Could you copy each line of the listing that holds "which"?

## Dataset records
++++++++++

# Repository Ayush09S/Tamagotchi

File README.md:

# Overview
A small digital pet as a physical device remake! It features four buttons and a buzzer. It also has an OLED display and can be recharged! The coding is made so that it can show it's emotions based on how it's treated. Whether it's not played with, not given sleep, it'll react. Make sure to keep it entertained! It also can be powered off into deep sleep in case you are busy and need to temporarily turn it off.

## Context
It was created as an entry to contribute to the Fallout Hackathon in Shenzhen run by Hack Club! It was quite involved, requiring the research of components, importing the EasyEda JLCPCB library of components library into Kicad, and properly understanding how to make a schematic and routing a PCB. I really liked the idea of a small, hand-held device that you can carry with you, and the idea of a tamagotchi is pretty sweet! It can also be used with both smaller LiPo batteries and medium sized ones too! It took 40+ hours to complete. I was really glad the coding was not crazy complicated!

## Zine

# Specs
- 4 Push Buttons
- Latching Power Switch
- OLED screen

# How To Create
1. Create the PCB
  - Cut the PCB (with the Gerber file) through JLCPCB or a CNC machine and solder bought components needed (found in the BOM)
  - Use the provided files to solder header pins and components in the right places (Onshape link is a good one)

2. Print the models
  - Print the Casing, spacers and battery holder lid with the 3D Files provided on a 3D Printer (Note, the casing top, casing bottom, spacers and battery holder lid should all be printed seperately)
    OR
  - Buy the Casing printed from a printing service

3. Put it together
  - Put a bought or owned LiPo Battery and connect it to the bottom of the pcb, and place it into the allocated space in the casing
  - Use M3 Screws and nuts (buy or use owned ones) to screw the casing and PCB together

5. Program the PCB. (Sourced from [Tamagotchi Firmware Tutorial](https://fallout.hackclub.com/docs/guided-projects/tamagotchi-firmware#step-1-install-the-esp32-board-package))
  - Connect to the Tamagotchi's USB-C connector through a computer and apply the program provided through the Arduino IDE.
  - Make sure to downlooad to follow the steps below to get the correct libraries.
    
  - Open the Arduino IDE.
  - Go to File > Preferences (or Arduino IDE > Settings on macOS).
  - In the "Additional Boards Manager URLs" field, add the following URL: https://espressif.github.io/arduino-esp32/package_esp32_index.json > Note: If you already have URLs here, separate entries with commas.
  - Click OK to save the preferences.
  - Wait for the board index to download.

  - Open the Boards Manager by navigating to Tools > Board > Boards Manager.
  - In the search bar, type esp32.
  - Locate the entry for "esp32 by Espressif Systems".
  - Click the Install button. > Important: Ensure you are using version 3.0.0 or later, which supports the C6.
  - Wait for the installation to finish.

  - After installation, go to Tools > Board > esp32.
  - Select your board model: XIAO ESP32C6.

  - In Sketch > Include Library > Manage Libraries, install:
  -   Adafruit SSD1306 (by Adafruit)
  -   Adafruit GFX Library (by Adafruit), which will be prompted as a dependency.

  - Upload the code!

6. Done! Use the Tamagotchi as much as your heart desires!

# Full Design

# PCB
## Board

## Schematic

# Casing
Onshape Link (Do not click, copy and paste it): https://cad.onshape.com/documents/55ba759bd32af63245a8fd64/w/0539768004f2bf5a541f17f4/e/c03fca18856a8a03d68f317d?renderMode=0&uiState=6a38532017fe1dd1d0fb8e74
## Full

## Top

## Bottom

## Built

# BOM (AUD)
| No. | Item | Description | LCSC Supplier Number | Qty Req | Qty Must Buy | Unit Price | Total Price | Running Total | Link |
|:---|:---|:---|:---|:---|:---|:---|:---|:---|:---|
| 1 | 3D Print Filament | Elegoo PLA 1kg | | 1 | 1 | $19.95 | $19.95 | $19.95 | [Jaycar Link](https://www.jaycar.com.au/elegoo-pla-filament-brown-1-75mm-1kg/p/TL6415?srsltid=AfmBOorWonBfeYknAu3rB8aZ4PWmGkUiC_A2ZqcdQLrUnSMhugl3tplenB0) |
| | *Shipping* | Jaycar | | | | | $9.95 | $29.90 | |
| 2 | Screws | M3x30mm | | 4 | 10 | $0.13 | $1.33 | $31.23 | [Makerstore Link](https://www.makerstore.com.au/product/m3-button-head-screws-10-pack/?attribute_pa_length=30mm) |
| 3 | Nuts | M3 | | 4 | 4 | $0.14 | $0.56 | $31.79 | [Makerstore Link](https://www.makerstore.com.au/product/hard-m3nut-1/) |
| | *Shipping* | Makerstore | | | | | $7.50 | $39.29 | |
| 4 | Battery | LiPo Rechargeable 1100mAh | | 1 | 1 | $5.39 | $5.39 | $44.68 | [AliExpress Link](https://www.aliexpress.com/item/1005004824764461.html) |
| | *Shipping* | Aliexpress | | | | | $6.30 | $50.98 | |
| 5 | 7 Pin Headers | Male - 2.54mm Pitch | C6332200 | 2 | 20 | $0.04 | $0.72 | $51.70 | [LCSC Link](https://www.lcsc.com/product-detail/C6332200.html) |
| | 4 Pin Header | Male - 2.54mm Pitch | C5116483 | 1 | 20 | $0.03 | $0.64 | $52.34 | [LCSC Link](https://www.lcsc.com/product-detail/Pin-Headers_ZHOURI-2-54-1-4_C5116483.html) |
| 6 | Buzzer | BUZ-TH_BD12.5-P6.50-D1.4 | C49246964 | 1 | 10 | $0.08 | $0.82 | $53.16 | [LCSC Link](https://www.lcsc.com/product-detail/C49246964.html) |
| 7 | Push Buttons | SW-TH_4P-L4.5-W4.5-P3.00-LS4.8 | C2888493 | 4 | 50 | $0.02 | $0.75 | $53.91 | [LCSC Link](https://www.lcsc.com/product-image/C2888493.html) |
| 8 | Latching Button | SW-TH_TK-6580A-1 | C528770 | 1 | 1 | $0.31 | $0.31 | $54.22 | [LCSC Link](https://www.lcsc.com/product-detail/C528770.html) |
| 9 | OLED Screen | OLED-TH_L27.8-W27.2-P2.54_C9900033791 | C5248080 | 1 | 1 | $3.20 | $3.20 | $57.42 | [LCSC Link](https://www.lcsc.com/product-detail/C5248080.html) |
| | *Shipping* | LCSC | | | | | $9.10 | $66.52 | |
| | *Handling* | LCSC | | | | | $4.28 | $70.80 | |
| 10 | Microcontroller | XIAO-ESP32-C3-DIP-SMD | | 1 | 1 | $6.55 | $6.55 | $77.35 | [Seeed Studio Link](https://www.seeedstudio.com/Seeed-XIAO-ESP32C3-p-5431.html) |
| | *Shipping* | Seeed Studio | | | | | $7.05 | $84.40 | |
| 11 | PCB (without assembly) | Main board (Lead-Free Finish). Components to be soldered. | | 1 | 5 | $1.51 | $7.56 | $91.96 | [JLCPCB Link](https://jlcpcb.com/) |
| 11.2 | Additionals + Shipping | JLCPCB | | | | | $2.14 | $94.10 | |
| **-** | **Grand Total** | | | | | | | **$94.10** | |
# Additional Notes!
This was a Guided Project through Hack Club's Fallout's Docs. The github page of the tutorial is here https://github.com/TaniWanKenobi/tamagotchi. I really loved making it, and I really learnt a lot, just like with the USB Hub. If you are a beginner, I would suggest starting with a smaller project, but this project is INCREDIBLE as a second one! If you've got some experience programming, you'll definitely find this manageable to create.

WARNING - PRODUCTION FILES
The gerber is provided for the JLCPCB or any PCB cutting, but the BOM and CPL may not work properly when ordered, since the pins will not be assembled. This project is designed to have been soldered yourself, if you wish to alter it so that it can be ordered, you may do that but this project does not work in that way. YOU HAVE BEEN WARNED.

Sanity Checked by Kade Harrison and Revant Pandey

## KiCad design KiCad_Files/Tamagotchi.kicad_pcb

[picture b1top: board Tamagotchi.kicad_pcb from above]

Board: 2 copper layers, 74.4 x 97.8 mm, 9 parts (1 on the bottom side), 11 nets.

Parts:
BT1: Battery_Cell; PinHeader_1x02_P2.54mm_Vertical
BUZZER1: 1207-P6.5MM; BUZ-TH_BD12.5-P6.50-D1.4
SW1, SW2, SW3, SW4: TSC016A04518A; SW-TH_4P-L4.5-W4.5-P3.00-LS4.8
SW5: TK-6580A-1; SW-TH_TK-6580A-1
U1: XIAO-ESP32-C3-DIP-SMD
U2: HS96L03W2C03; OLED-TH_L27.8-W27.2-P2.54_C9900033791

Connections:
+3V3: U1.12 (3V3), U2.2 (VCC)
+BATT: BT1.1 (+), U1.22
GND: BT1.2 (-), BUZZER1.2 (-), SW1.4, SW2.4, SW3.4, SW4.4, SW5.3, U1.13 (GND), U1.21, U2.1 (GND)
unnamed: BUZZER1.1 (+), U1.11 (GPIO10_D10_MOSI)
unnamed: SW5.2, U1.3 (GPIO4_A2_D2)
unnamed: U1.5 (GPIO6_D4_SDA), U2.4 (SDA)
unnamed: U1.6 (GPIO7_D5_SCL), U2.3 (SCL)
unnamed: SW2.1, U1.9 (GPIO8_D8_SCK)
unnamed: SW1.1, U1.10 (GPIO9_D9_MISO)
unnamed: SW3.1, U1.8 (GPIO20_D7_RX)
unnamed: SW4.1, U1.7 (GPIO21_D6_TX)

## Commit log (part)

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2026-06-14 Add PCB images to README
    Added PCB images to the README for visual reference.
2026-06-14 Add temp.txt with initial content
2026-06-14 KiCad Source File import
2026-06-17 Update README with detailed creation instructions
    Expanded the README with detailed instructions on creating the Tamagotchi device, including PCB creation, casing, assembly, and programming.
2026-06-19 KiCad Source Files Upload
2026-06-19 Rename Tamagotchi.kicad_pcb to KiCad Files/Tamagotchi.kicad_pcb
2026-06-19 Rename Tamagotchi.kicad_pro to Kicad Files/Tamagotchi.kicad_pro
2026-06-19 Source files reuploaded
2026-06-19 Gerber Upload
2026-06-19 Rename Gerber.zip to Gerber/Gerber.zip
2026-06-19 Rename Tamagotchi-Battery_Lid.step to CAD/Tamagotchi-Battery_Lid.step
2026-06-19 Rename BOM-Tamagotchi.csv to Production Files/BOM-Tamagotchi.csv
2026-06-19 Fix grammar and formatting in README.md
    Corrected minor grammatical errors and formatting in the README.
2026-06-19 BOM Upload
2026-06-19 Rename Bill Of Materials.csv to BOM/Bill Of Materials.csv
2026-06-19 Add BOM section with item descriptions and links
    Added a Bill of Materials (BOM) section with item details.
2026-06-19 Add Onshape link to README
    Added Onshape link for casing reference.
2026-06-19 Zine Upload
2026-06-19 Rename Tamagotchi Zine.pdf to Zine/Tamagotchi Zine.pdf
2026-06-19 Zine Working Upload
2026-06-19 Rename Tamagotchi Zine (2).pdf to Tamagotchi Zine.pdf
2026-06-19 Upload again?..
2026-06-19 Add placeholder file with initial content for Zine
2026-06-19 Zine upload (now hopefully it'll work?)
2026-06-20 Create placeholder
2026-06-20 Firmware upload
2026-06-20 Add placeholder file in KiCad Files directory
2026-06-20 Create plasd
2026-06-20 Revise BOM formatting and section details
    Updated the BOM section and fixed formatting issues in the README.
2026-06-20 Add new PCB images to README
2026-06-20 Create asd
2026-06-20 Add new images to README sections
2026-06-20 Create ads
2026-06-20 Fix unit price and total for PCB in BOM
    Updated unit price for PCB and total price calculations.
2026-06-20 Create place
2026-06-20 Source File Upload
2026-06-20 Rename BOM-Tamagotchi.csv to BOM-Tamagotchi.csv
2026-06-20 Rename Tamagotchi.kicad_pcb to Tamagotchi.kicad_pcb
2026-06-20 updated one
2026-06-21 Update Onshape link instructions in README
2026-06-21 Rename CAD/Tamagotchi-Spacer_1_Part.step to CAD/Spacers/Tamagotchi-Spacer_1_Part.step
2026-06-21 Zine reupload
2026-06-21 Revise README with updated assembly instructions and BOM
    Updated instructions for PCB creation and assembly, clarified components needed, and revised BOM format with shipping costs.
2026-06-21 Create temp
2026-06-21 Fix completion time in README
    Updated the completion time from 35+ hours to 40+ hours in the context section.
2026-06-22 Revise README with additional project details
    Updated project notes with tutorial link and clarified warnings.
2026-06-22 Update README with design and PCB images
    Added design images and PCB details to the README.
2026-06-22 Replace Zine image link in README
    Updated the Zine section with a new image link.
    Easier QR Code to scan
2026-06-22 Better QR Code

++++++++++

## Answer to the problem
  - Click the Install button. > Important: Ensure you are using version 3.0.0 or later, which supports the C6.
  -   Adafruit GFX Library (by Adafruit), which will be prompted as a dependency.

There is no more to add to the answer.